São Paulo, segunda, 3 de agosto de 1998

Texto Anterior | Próximo Texto | Índice

QUALQUER VIAGEM
O problema, querido, é começar o maldito texto

DAVID DREW ZINGG
em Sampa

"Se você não ficar totalmente deliciado com esta coluna, basta devolvê-la para mim, acompanhada do recibo indicando que você pagou pelo jornal. Eu me comprometo, por meio desta, a lhe devolver o recibo no prazo de cinco dias." David Drew Zingg

Não quero deprimir você com meus problemas pessoais, Joãozinho, mas provavelmente o maior problema com que o escritor se confronta durante toda a sua vida é o seguinte: "Como começar?".
Já que ganho a vida ordenando palavras numa página, dedico uma parte substancial das minhas horas acordado à maneira como outros escritores iniciam suas cartas, artigos, reportagens, ensaios e romances.
O início de qualquer coisa escrita deve cumprir várias funções. Deve prender sua atenção, informá-lo para onde você está indo e despertar sua curiosidade.
Também deve ser o início da história. Soa simples, mas poucos escritores conseguem reunir esses pontos básicos no primeiro parágrafo que estejam escrevendo.
Só a título de curiosidade, volte atrás e dê uma lida em alguns artigos deste jornal. Não leia as reportagens pelas notícias que contêm, mas pelo conteúdo do parágrafo inicial.
O melhor início?

Para ajudá-lo a avaliar inícios escritos, tio Dave vai dar alguns exemplos clássicos com os quais você pode comparar os que quiser avaliar.
"No princípio, Deus criou o céu e a terra."
Eu diria que dificilmente alguém conseguiria escrever uma abertura melhor do que essa.
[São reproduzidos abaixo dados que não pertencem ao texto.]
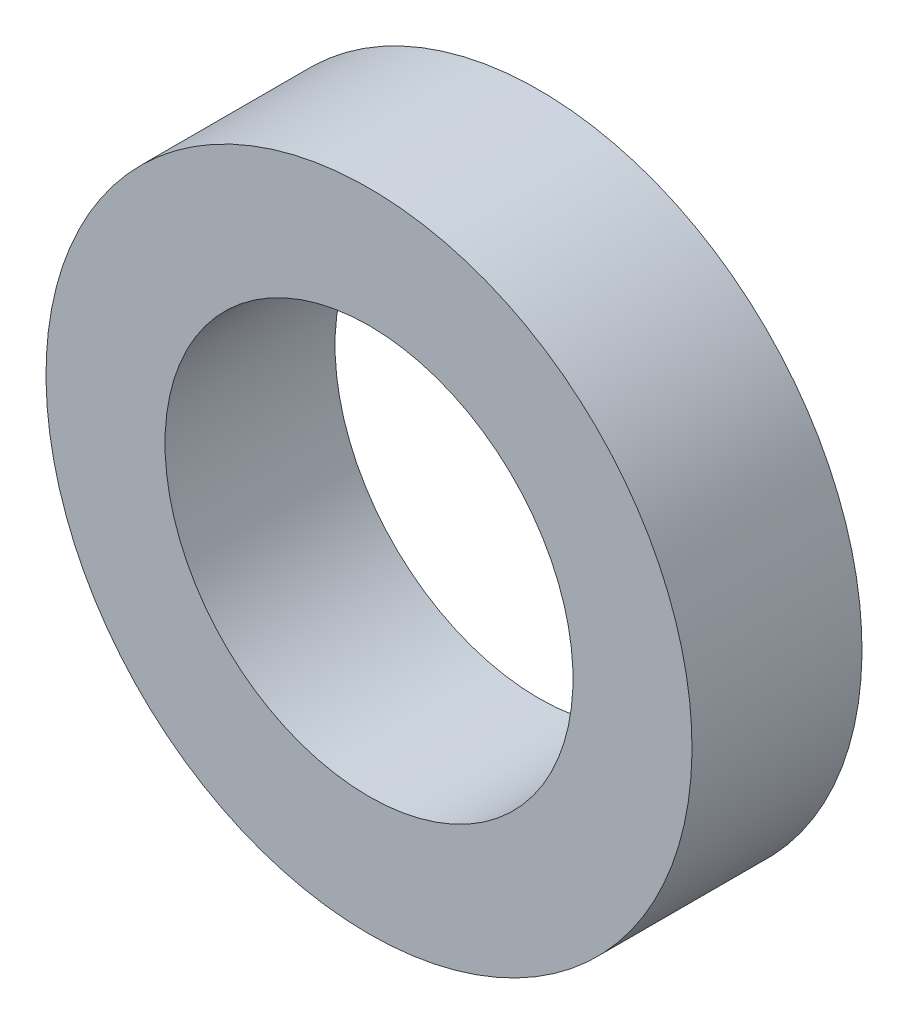
ISO-10303-21;
HEADER;
FILE_DESCRIPTION(('STEP AP214'),'2;1');
FILE_NAME('part.step','',(''),(''),'','','');
FILE_SCHEMA(('AUTOMOTIVE_DESIGN { 1 0 10303 214 1 1 1 1 }'));
ENDSEC;
DATA;
#1=APPLICATION_CONTEXT('core data for automotive mechanical design processes');
#2=APPLICATION_PROTOCOL_DEFINITION('international standard','automotive_design',2000,#1);
#3=PRODUCT_CONTEXT('',#1,'mechanical');
#4=PRODUCT('Part','Part','',(#3));
#5=PRODUCT_RELATED_PRODUCT_CATEGORY('part','',(#4));
#6=PRODUCT_DEFINITION_FORMATION('','',#4);
#7=PRODUCT_DEFINITION_CONTEXT('part definition',#1,'design');
#8=PRODUCT_DEFINITION('design','',#6,#7);
#9=PRODUCT_DEFINITION_SHAPE('','',#8);
#10=(LENGTH_UNIT() NAMED_UNIT(*) SI_UNIT(.MILLI.,.METRE.));
#11=(NAMED_UNIT(*) PLANE_ANGLE_UNIT() SI_UNIT($,.RADIAN.));
#12=(NAMED_UNIT(*) SI_UNIT($,.STERADIAN.) SOLID_ANGLE_UNIT());
#13=UNCERTAINTY_MEASURE_WITH_UNIT(LENGTH_MEASURE(1.E-05),#10,'distance_accuracy_value','');
#14=(GEOMETRIC_REPRESENTATION_CONTEXT(3) GLOBAL_UNCERTAINTY_ASSIGNED_CONTEXT((#13)) GLOBAL_UNIT_ASSIGNED_CONTEXT((#10,
#11,#12)) REPRESENTATION_CONTEXT('',''));
#15=CARTESIAN_POINT('',(0.,0.,0.));
#16=DIRECTION('',(0.,0.,1.));
#17=DIRECTION('',(1.,0.,0.));
#18=AXIS2_PLACEMENT_3D('',#15,#16,#17);
#19=CARTESIAN_POINT('',(0.,0.,-5.));
#20=DIRECTION('',(0.,0.,1.));
#21=DIRECTION('',(0.,-1.,0.));
#22=AXIS2_PLACEMENT_3D('',#19,#20,#21);
#23=CYLINDRICAL_SURFACE('',#22,9.5);
#24=CARTESIAN_POINT('',(0.,0.,-5.));
#25=DIRECTION('',(0.,0.,1.));
#26=DIRECTION('',(0.,-1.,0.));
#27=AXIS2_PLACEMENT_3D('',#24,#25,#26);
#28=CIRCLE('',#27,9.5);
#29=CARTESIAN_POINT('',(0.,-9.5,-5.));
#30=VERTEX_POINT('',#29);
#31=EDGE_CURVE('E19',#30,#30,#28,.T.);
#32=ORIENTED_EDGE('',*,*,#31,.T.);
#33=EDGE_LOOP('',(#32));
#34=FACE_BOUND('',#33,.T.);
#35=CARTESIAN_POINT('',(0.,0.,0.));
#36=DIRECTION('',(0.,0.,1.));
#37=DIRECTION('',(0.,-1.,0.));
#38=AXIS2_PLACEMENT_3D('',#35,#36,#37);
#39=CIRCLE('',#38,9.5);
#40=CARTESIAN_POINT('',(0.,-9.5,0.));
#41=VERTEX_POINT('',#40);
#42=EDGE_CURVE('E28',#41,#41,#39,.T.);
#43=ORIENTED_EDGE('',*,*,#42,.F.);
#44=EDGE_LOOP('',(#43));
#45=FACE_BOUND('',#44,.T.);
#46=ADVANCED_FACE('F15',(#34,#45),#23,.T.);
#47=CARTESIAN_POINT('',(-9.614,-9.614,-5.));
#48=DIRECTION('',(0.,0.,1.));
#49=DIRECTION('',(1.,0.,0.));
#50=AXIS2_PLACEMENT_3D('',#47,#48,#49);
#51=PLANE('',#50);
#52=CARTESIAN_POINT('',(0.,0.,-5.));
#53=DIRECTION('',(0.,0.,1.));
#54=DIRECTION('',(0.,-1.,0.));
#55=AXIS2_PLACEMENT_3D('',#52,#53,#54);
#56=CIRCLE('',#55,6.);
#57=CARTESIAN_POINT('',(0.,-6.,-5.));
#58=VERTEX_POINT('',#57);
#59=EDGE_CURVE('E23',#58,#58,#56,.F.);
#60=ORIENTED_EDGE('',*,*,#59,.F.);
#61=EDGE_LOOP('',(#60));
#62=FACE_BOUND('',#61,.T.);
#63=ORIENTED_EDGE('',*,*,#31,.F.);
#64=EDGE_LOOP('',(#63));
#65=FACE_BOUND('',#64,.T.);
#66=ADVANCED_FACE('F38',(#62,#65),#51,.F.);
#67=CARTESIAN_POINT('',(-9.614,-9.614,0.));
#68=DIRECTION('',(0.,0.,1.));
#69=DIRECTION('',(1.,0.,0.));
#70=AXIS2_PLACEMENT_3D('',#67,#68,#69);
#71=PLANE('',#70);
#72=CARTESIAN_POINT('',(0.,0.,0.));
#73=DIRECTION('',(0.,0.,1.));
#74=DIRECTION('',(0.,-1.,0.));
#75=AXIS2_PLACEMENT_3D('',#72,#73,#74);
#76=CIRCLE('',#75,6.);
#77=CARTESIAN_POINT('',(0.,-6.,0.));
#78=VERTEX_POINT('',#77);
#79=EDGE_CURVE('E10',#78,#78,#76,.T.);
#80=ORIENTED_EDGE('',*,*,#79,.F.);
#81=EDGE_LOOP('',(#80));
#82=FACE_BOUND('',#81,.T.);
#83=ORIENTED_EDGE('',*,*,#42,.T.);
#84=EDGE_LOOP('',(#83));
#85=FACE_BOUND('',#84,.T.);
#86=ADVANCED_FACE('F17',(#82,#85),#71,.T.);
#87=CARTESIAN_POINT('',(0.,0.,-5.));
#88=DIRECTION('',(0.,0.,1.));
#89=DIRECTION('',(0.,-1.,0.));
#90=AXIS2_PLACEMENT_3D('',#87,#88,#89);
#91=CYLINDRICAL_SURFACE('',#90,6.);
#92=ORIENTED_EDGE('',*,*,#79,.T.);
#93=EDGE_LOOP('',(#92));
#94=FACE_BOUND('',#93,.T.);
#95=ORIENTED_EDGE('',*,*,#59,.T.);
#96=EDGE_LOOP('',(#95));
#97=FACE_BOUND('',#96,.T.);
#98=ADVANCED_FACE('F46',(#94,#97),#91,.F.);
#99=CLOSED_SHELL('',(#46,#66,#86,#98));
#100=MANIFOLD_SOLID_BREP('B1',#99);
#101=ADVANCED_BREP_SHAPE_REPRESENTATION('',(#18,#100),#14);
#102=SHAPE_DEFINITION_REPRESENTATION(#9,#101);
ENDSEC;
END-ISO-10303-21;

Admito que a pessoa que a escreveu tinha uma história difícil de superar em termos de originalidade e drama -mas, mesmo assim, é uma abertura e tanto.
Tenho uma lista de frases iniciais à qual recorro para me inspirar nos momentos em que não estou conseguindo dar o arranque no meu próprio motor criativo.
Charles Dickens abre seu memorável "Um Conto de Duas Cidades" com: "Foi o melhor e o pior dos tempos".
Quem vai possuir Myra?
Meu velho companheiro de almoços do Ventimiglia, Gore Vidal, inicia seu romance "Myra Breckenridge" dizendo: "Eu sou Myra Breckenridge, que nenhum homem vai possuir".
É uma grande frase para captar o interesse do leitor. E você não ficou com vontade de ler mais para descobrir se alguém chegou a possuir Myra?
Frases iniciais que situam o leitor num local determinado e inconfundível sempre captam minha atenção. Um dos meus escritores brasileiros prediletos é João Simões Lopes Neto, que evoca o mitológico mundo épico dos pampas.
Quando visitei a estância de minha querida amiga Regina Simões Lopes, dormi na cama de ferro fundido do velho João, feita no século 19. Para entrar no clima do Rio Grande do Sul, eu lia seus "Contos Gauchescos".
O primeiro conto, "Trezentas Onças", começa assim: "Eu tropeava, nesse tempo. Duma feita que viajava de escoteiro, com a guaiaca empanzinada de onças de ouro, vim varar aqui neste mesmo passo, por me ficar mais perto da estância da Coronilla, onde devia pousar".
A única coisa que eu sabia com certeza que esse parágrafo inicial garantia era que eu não estava prestes a ingressar no mundo particular de uma gangue de rua do Bronx, em Nova York.
Basta falar em Nova York que minha cabeça faz um salto em "fast-forward" até a grande revista "The New Yorker". (Tina Brown, a primeira editora mulher da revista, foi atraída para trabalhar para o estúdio Miramax, da Disney, mas isso já é outro início).
Talvez o mais rico talento que a "The New Yorker" já apresentou a seus leitores tenha sido o humorista, satirista e cartunista (um termo pavoroso para descrever os sensíveis esboços lineares que fazia do espírito humano) chamado James Thurber.
Thurber escreveu e desenhou uma pequena obra-prima de 86 páginas, um dos livros mais profundamente humorísticos deste século. Em "My Life and Hard Times" (minha vida e tempos difíceis), descreve os saborosos caos e frustrações provocados pela família, infância, juventude, cães vadios e máquinas recalcitrantes de uma tranquila cidade universitária do Meio-Oeste da Gringolândia.
O livro, diz ele, trata "em grande medida de coisas pequenas e, em pequena medida, de coisas grandes". Nele, Thurber reduz nossa falsa crença na essencial sanidade e prudência da raça humana. O livro começa com: "Suponho que o ponto alto de minha vida em Columbus, Ohio, tenha sido a noite em que a cama caiu em cima do meu pai".
Parece que gastei quase toda a coluna desta semana procurando uma boa maneira de começar, e aqui estamos, Joãozinho, quase no final dela.
As coisas escritas muitas vezes são mais difíceis de parar do que foram de começar.
Dá-me grande prazer refletir que T.S. Eliot sofria o mesmo dilema. Eis como concluiu seu famoso poema: "É assim que o mundo acaba/Não com um estrondo... mas com um gemido".


Tradução de Clara Allain.



Texto Anterior | Próximo Texto | Índice


Copyright Empresa Folha da Manhã S/A. Todos os direitos reservados. É proibida a reprodução do conteúdo desta página em qualquer meio de comunicação, eletrônico ou impresso, sem autorização escrita da Agência Folha.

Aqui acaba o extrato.